From the line with "line L10 (2, 66) -> (-19, 66)" to the final line, print the records exactly as they are.
[Start of Attachment]
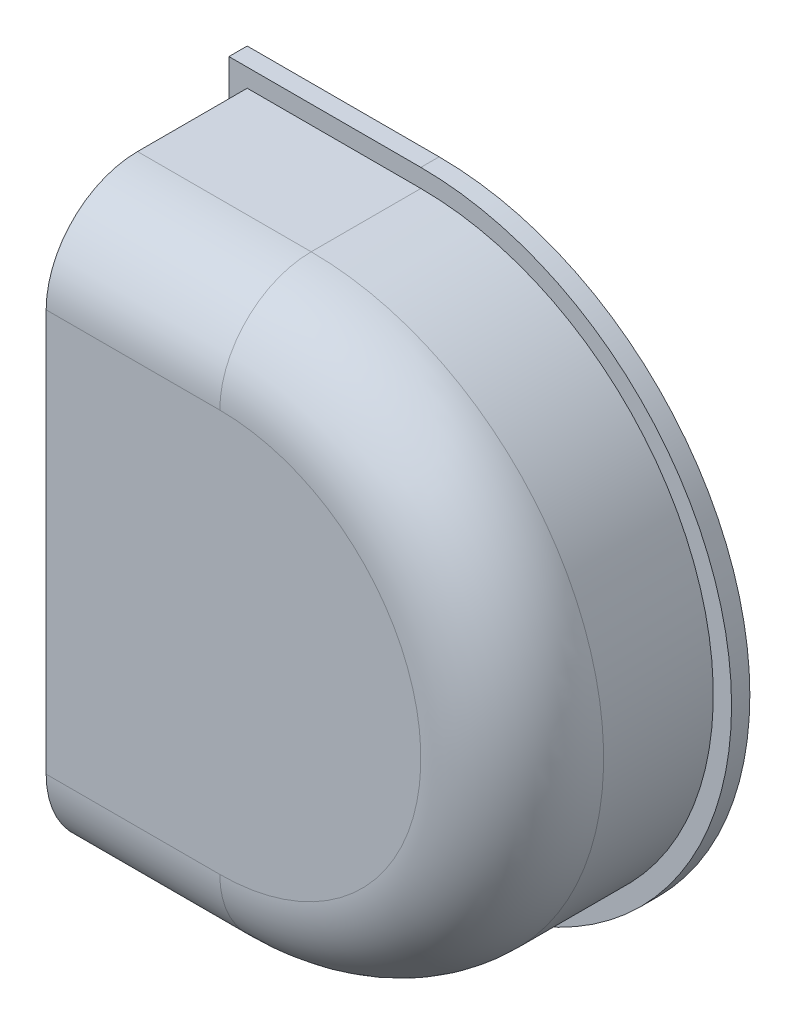
SolidWorks part; units mm, degrees
ref_plane "Front Plane" through (0, 0, 0) normal (0, 0, 1) x (1, 0, 0)
ref_plane "Top Plane" through (0, 0, 0) normal (0, 1, 0) x (1, 0, 0)
ref_plane "Right Plane" through (0, 0, 0) normal (1, 0, 0) x (0, 0, -1)
sketch "Sketch2" plane through (0, 0, 0) normal (0, 0, 1) x (1, 0, 0)
  line L0 (0, 0) -> (0, 64)
  line L1 (0, 64) -> (19, 64)
  line L2 (19, 0) -> (0, 0)
  arc A0 (19, 64) -> (19, 0) centre (19, 32) cw
  dimension "D1" = 19
  dimension "D2" = 64
extrude "Boss-Extrude3" add sketch "Sketch2" along normal blind 22
fillet "Fillet2" radius 10 3 edges at (9.5, 0, 22) (51, 32, 22) (9.5, 64, 22)
shell "Shell1" thickness 3
sketch "Sketch3" plane through (0, 0, 0) normal (0, 0, -1) x (-1, 0, 0)
  line L0 (-3, 3) -> (-3, 61)
  line L1 (-3, 61) -> (-19, 61)
  line L2 (-19, 3) -> (-3, 3)
  line L9 (2, -2) -> (2, 66)
  line L10 (2, 66) -> (-19, 66)
  line L11 (-19, -2) -> (2, -2)
  arc A0 (-19, 61) -> (-19, 3) centre (-19, 32) ccw
  arc A3 (-19, 66) -> (-19, -2) centre (-19, 32) ccw
extrude "Boss-Extrude4" add sketch "Sketch3" along normal blind 2
sketch "Sketch4" plane through (0, 0, 19) normal (0, 0, -1) x (-1, 0, 0)
  line L0 (-19, 10) -> (-19, 54) construction
  circle A0 centre (-19, 32) radius 5
  dimension "D1" = 10
extrude "Boss-Extrude5" add sketch "Sketch4" along normal offset from surface (11 mm away) 10 up to face at (17, 32, -2)
[End of Attachment]
▶ **Result of this exercise**:
  line L10 (2, 66) -> (-19, 66)
  line L11 (-19, -2) -> (2, -2)
  arc A0 (-19, 61) -> (-19, 3) centre (-19, 32) ccw
  arc A3 (-19, 66) -> (-19, -2) centre (-19, 32) ccw
extrude "Boss-Extrude4" add sketch "Sketch3" along normal blind 2
sketch "Sketch4" plane through (0, 0, 19) normal (0, 0, -1) x (-1, 0, 0)
  line L0 (-19, 10) -> (-19, 54) construction
  circle A0 centre (-19, 32) radius 5
  dimension "D1" = 10
extrude "Boss-Extrude5" add sketch "Sketch4" along normal offset from surface (11 mm away) 10 up to face at (17, 32, -2)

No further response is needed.